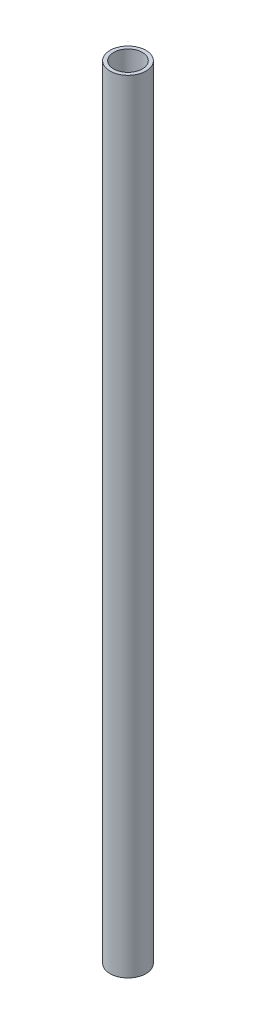
SolidWorks part; units mm, degrees
ref_plane "Front Plane" through (0, 0, 0) normal (0, 0, 1) x (1, 0, 0)
ref_plane "Top Plane" through (0, 0, 0) normal (0, 1, 0) x (1, 0, 0)
ref_plane "Right Plane" through (0, 0, 0) normal (1, 0, 0) x (0, 0, -1)
sketch "Sketch1" plane through (0, 0, 0) normal (0, 1, 0) x (1, 0, 0)
  circle A0 centre (0, 0) radius 17.5
  circle A1 centre (0, 0) radius 14
  dimension "D1" = 35
  dimension "D2" = 28
extrude "Boss-Extrude1" add sketch "Sketch1" against normal mid plane 762
sketch "Sketch2" plane through (0, 0, 0) normal (0, 0, 1) x (1, 0, 0)
  line L2 (-3.5, 331) -> (-3.5, 306)
  line L4 (8.5, 331) -> (8.5, 306)
  line L7 (17.5, -381) -> (17.5, 381) construction
  line L8 (17.5, 381) -> (-17.5, 381) construction
  arc A0 (-3.5, 306) -> (8.5, 306) centre (2.5, 306) ccw
  arc A1 (-3.5, 331) -> (8.5, 331) centre (2.5, 331) cw
  dimension "D4" = 15
  dimension "D1" = 6
  dimension "D3" = 6
  dimension "D5" = 25
  dimension "D2" = 50
extrude "Cut-Extrude1" cut sketch "Sketch2" against normal blind 12
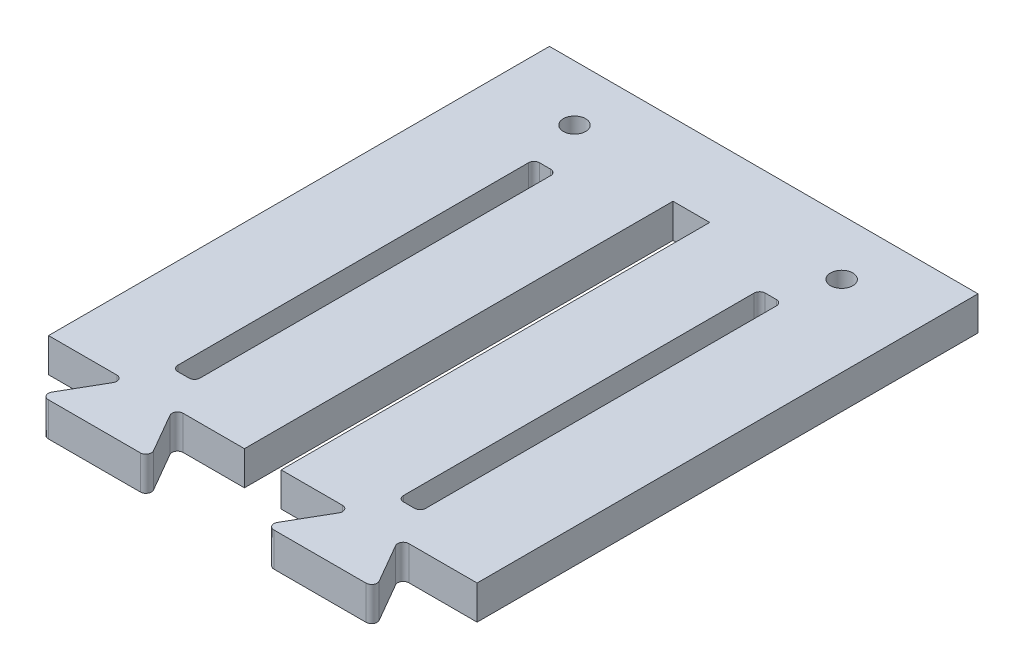
SolidWorks part; units mm, degrees
ref_plane "Front Plane" through (0, 0, 0) normal (0, 0, 1) x (1, 0, 0)
ref_plane "Top Plane" through (0, 0, 0) normal (0, 1, 0) x (1, 0, 0)
ref_plane "Right Plane" through (0, 0, 0) normal (1, 0, 0) x (0, 0, -1)
sketch "Sketch1" plane through (0, 0, 0) normal (0, 1, 0) x (1, 0, 0)
  line L0 (-19.25, 0) -> (-19.25, 45)
  line L1 (-19.25, 45) -> (19.25, 45)
  line L2 (19.25, 45) -> (19.25, 0)
  line L3 (19.25, 0) -> (12.25, 0)
  line L4 (12.25, 0) -> (15.1368, -5)
  line L5 (15.1368, -5) -> (5.1368, -5)
  line L6 (5.1368, -5) -> (8.0235, 0)
  line L7 (8.0235, 0) -> (-8.0235, 0)
  line L8 (-8.0235, 0) -> (-5.1368, -5)
  line L9 (-5.1368, -5) -> (-15.1368, -5)
  line L10 (-15.1368, -5) -> (-12.25, 0)
  line L11 (-12.25, 0) -> (-19.25, 0)
  point P13 (0, 0)
  dimension "D1" = 45
  dimension "D2" = 38.5
  dimension "D3" = 10
  dimension "D4" = 10
  dimension "D5" = 60
  dimension "D6" = 60
  dimension "D7" = 7
  dimension "D8" = 7
  dimension "D9" = 5
  dimension "D10" = 5
extrude "Boss-Extrude1" add sketch "Sketch1" along normal blind 3.05
fillet "Fillet1" radius 0.5 8 edges at (12.25, 1.525, 0) (15.1368, 1.525, 5) (5.1368, 1.525, 5) (8.0235, 1.525, 0) (-8.0235, 1.525, 0) (-5.1368, 1.525, 5) (-15.1368, 1.525, 5) (-12.25, 1.525, 0)
sketch "Sketch3" plane through (0, 3.05, 0) normal (0, 1, 0) x (1, 0, 0)
  line L0 (0, 40) -> (0, 0) construction
  line L2 (19.25, 45) -> (-19.25, 45) construction
  line L3 (-1.65, 38.5) -> (1.65, 38.5)
  line L4 (-1.65, 38.5) -> (-1.65, -1.5)
  line L5 (-1.65, -1.5) -> (1.65, -1.5)
  line L6 (1.65, 38.5) -> (1.65, -1.5)
  line L8 (-1.65, -2.7) -> (1.65, -2.7)
  line L9 (-1.65, -2.7) -> (-1.65, -3.7)
  line L10 (-1.65, -3.7) -> (1.65, -3.7)
  line L11 (1.65, -2.7) -> (1.65, -3.7)
  point P8 (0, 38.5)
  point P15 (0, -2.7)
  dimension "D1" = 3.3
  dimension "D2" = 40
  dimension "D3" = 6.5
  dimension "D4" = 1.2
  dimension "D5" = 1
extrude "Cut-Extrude2" cut sketch "Sketch3" against normal through all
sketch "Sketch8" plane through (0, 3.05, 0) normal (0, 1, 0) x (1, 0, 0)
  line L0 (0, 0) -> (0, 40) construction
  line L1 (-11.1368, 35.5) -> (-9.1368, 35.5)
  line L2 (-11.1368, 35.5) -> (-11.1368, 3)
  line L3 (-11.1368, 3) -> (-9.1368, 3)
  line L4 (-9.1368, 35.5) -> (-9.1368, 3)
  line L5 (-19.25, 0) -> (-13.116, 0) construction
  line L6 (-14.2707, -5) -> (-6.0028, -5) construction
  line L8 (11.1368, 3) -> (9.1368, 3)
  line L9 (9.1368, 35.5) -> (9.1368, 3)
  line L10 (11.1368, 35.5) -> (9.1368, 35.5)
  line L11 (11.1368, 35.5) -> (11.1368, 3)
  line L12 (1.65, 38.5) -> (-1.65, 38.5) construction
  point P5 (-10.1368, -5)
  point P10 (-10.1368, 3)
  dimension "D1" = 2
  dimension "D2" = 3
  dimension "D3" = 3
extrude "Cut-Extrude3" cut sketch "Sketch8" against normal through all
fillet "Fillet2" radius 0.5 8 edges at (11.1368, 1.525, -3) (9.1368, 1.525, -3) (11.1368, 1.525, -35.5) (9.1368, 1.525, -35.5) (-9.1368, 1.525, -3) (-9.1368, 1.525, -35.5) (-11.1368, 1.525, -35.5) (-11.1368, 1.525, -3)
sketch "Damper Hole Locations" plane through (0, 3.05, 0) normal (0, 1, 0) x (1, 0, 0)
  line L0 (0, 40) -> (0, 0) construction
  line L3 (19.25, 45) -> (-19.25, 45) construction
  circle A0 centre (-12, 40) radius 1.5
  circle A1 centre (12, 40) radius 1.5
  dimension "D1" = 3
  dimension "D2" = 12
  dimension "D3" = 5
hole_wizard "M3 Tapped Damper Holes" positions "Sketch6" profile "Sketch7" hole size "Ø2.0" standard "ANSI Metric" end condition through all
sketch "Sketch6" plane through (0, 3.05, 0) normal (0, 1, 0) x (1, 0, 0)
  point P0 (-12, 40)
  point P3 (12, 40)
sketch "Sketch7" plane through (-12, 3.05, -40) normal (1, 0, 0) x (0, 0, 1)
  line L0 (0, 0) -> (0, 3.05)
  line L1 (0, 3.05) -> (1, 3.05)
  line L2 (1, 3.05) -> (1, 0)
  line L5 (1, 0) -> (0, 0)
  line L11 (0, -6.35) -> (0, 107.95) construction
  dimension "Thru Hole Dia." = 2
  dimension "Thru Hole Depth" = 3.05

(REQUIRED WORK): Nothing but the records above, exact and without pictures, should appear in the answer.

(EXERCISE SOLUTION):
SolidWorks part; units mm, degrees
ref_plane "Front Plane" through (0, 0, 0) normal (0, 0, 1) x (1, 0, 0)
ref_plane "Top Plane" through (0, 0, 0) normal (0, 1, 0) x (1, 0, 0)
ref_plane "Right Plane" through (0, 0, 0) normal (1, 0, 0) x (0, 0, -1)
sketch "Sketch1" plane through (0, 0, 0) normal (0, 1, 0) x (1, 0, 0)
  circle A0 centre (0, 0) radius 17.5
  circle A1 centre (0, 0) radius 14
  dimension "D1" = 35
  dimension "D2" = 28
extrude "Boss-Extrude1" add sketch "Sketch1" against normal mid plane 762
sketch "Sketch2" plane through (0, 0, 0) normal (0, 0, 1) x (1, 0, 0)
  line L2 (-3.5, 331) -> (-3.5, 306)
  line L4 (8.5, 331) -> (8.5, 306)
  line L7 (17.5, -381) -> (17.5, 381) construction
  line L8 (17.5, 381) -> (-17.5, 381) construction
  arc A0 (-3.5, 306) -> (8.5, 306) centre (2.5, 306) ccw
  arc A1 (-3.5, 331) -> (8.5, 331) centre (2.5, 331) cw
  dimension "D4" = 15
  dimension "D1" = 6
  dimension "D3" = 6
  dimension "D5" = 25
  dimension "D2" = 50
extrude "Cut-Extrude1" cut sketch "Sketch2" against normal blind 12
SolidWorks part; units mm, degrees
ref_plane "Front Plane" through (0, 0, 0) normal (0, 0, 1) x (1, 0, 0)
ref_plane "Top Plane" through (0, 0, 0) normal (0, 1, 0) x (1, 0, 0)
ref_plane "Right Plane" through (0, 0, 0) normal (1, 0, 0) x (0, 0, -1)
sketch "Sketch1" plane through (0, 0, 0) normal (0, 1, 0) x (1, 0, 0)
  line L0 (-19.25, 0) -> (-19.25, 45)
  line L1 (-19.25, 45) -> (19.25, 45)
  line L2 (19.25, 45) -> (19.25, 0)
  line L3 (19.25, 0) -> (12.25, 0)
  line L4 (12.25, 0) -> (15.1368, -5)
  line L5 (15.1368, -5) -> (5.1368, -5)
  line L6 (5.1368, -5) -> (8.0235, 0)
  line L7 (8.0235, 0) -> (-8.0235, 0)
  line L8 (-8.0235, 0) -> (-5.1368, -5)
  line L9 (-5.1368, -5) -> (-15.1368, -5)
  line L10 (-15.1368, -5) -> (-12.25, 0)
  line L11 (-12.25, 0) -> (-19.25, 0)
  point P13 (0, 0)
  dimension "D1" = 45
  dimension "D2" = 38.5
  dimension "D3" = 10
  dimension "D4" = 10
  dimension "D5" = 60
  dimension "D6" = 60
  dimension "D7" = 7
  dimension "D8" = 7
  dimension "D9" = 5
  dimension "D10" = 5
extrude "Boss-Extrude1" add sketch "Sketch1" along normal blind 3.05
fillet "Fillet1" radius 0.5 8 edges at (12.25, 1.525, 0) (15.1368, 1.525, 5) (5.1368, 1.525, 5) (8.0235, 1.525, 0) (-8.0235, 1.525, 0) (-5.1368, 1.525, 5) (-15.1368, 1.525, 5) (-12.25, 1.525, 0)
sketch "Sketch3" plane through (0, 3.05, 0) normal (0, 1, 0) x (1, 0, 0)
  line L0 (0, 40) -> (0, 0) construction
  line L2 (19.25, 45) -> (-19.25, 45) construction
  line L3 (-1.65, 38.5) -> (1.65, 38.5)
  line L4 (-1.65, 38.5) -> (-1.65, -1.5)
  line L5 (-1.65, -1.5) -> (1.65, -1.5)
  line L6 (1.65, 38.5) -> (1.65, -1.5)
  line L8 (-1.65, -2.7) -> (1.65, -2.7)
  line L9 (-1.65, -2.7) -> (-1.65, -3.7)
  line L10 (-1.65, -3.7) -> (1.65, -3.7)
  line L11 (1.65, -2.7) -> (1.65, -3.7)
  point P8 (0, 38.5)
  point P15 (0, -2.7)
  dimension "D1" = 3.3
  dimension "D2" = 40
  dimension "D3" = 6.5
  dimension "D4" = 1.2
  dimension "D5" = 1
extrude "Cut-Extrude2" cut sketch "Sketch3" against normal through all
sketch "Sketch8" plane through (0, 3.05, 0) normal (0, 1, 0) x (1, 0, 0)
  line L0 (0, 0) -> (0, 40) construction
  line L1 (-11.1368, 35.5) -> (-9.1368, 35.5)
  line L2 (-11.1368, 35.5) -> (-11.1368, 3)
  line L3 (-11.1368, 3) -> (-9.1368, 3)
  line L4 (-9.1368, 35.5) -> (-9.1368, 3)
  line L5 (-19.25, 0) -> (-13.116, 0) construction
  line L6 (-14.2707, -5) -> (-6.0028, -5) construction
  line L8 (11.1368, 3) -> (9.1368, 3)
  line L9 (9.1368, 35.5) -> (9.1368, 3)
  line L10 (11.1368, 35.5) -> (9.1368, 35.5)
  line L11 (11.1368, 35.5) -> (11.1368, 3)
  line L12 (1.65, 38.5) -> (-1.65, 38.5) construction
  point P5 (-10.1368, -5)
  point P10 (-10.1368, 3)
  dimension "D1" = 2
  dimension "D2" = 3
  dimension "D3" = 3
extrude "Cut-Extrude3" cut sketch "Sketch8" against normal through all
fillet "Fillet2" radius 0.5 8 edges at (11.1368, 1.525, -3) (9.1368, 1.525, -3) (11.1368, 1.525, -35.5) (9.1368, 1.525, -35.5) (-9.1368, 1.525, -3) (-9.1368, 1.525, -35.5) (-11.1368, 1.525, -35.5) (-11.1368, 1.525, -3)
sketch "Damper Hole Locations" plane through (0, 3.05, 0) normal (0, 1, 0) x (1, 0, 0)
  line L0 (0, 40) -> (0, 0) construction
  line L3 (19.25, 45) -> (-19.25, 45) construction
  circle A0 centre (-12, 40) radius 1.5
  circle A1 centre (12, 40) radius 1.5
  dimension "D1" = 3
  dimension "D2" = 12
  dimension "D3" = 5
hole_wizard "M3 Tapped Damper Holes" positions "Sketch6" profile "Sketch7" hole size "Ø2.0" standard "ANSI Metric" end condition through all
sketch "Sketch6" plane through (0, 3.05, 0) normal (0, 1, 0) x (1, 0, 0)
  point P0 (-12, 40)
  point P3 (12, 40)
sketch "Sketch7" plane through (-12, 3.05, -40) normal (1, 0, 0) x (0, 0, 1)
  line L0 (0, 0) -> (0, 3.05)
  line L1 (0, 3.05) -> (1, 3.05)
  line L2 (1, 3.05) -> (1, 0)
  line L5 (1, 0) -> (0, 0)
  line L11 (0, -6.35) -> (0, 107.95) construction
  dimension "Thru Hole Dia." = 2
  dimension "Thru Hole Depth" = 3.05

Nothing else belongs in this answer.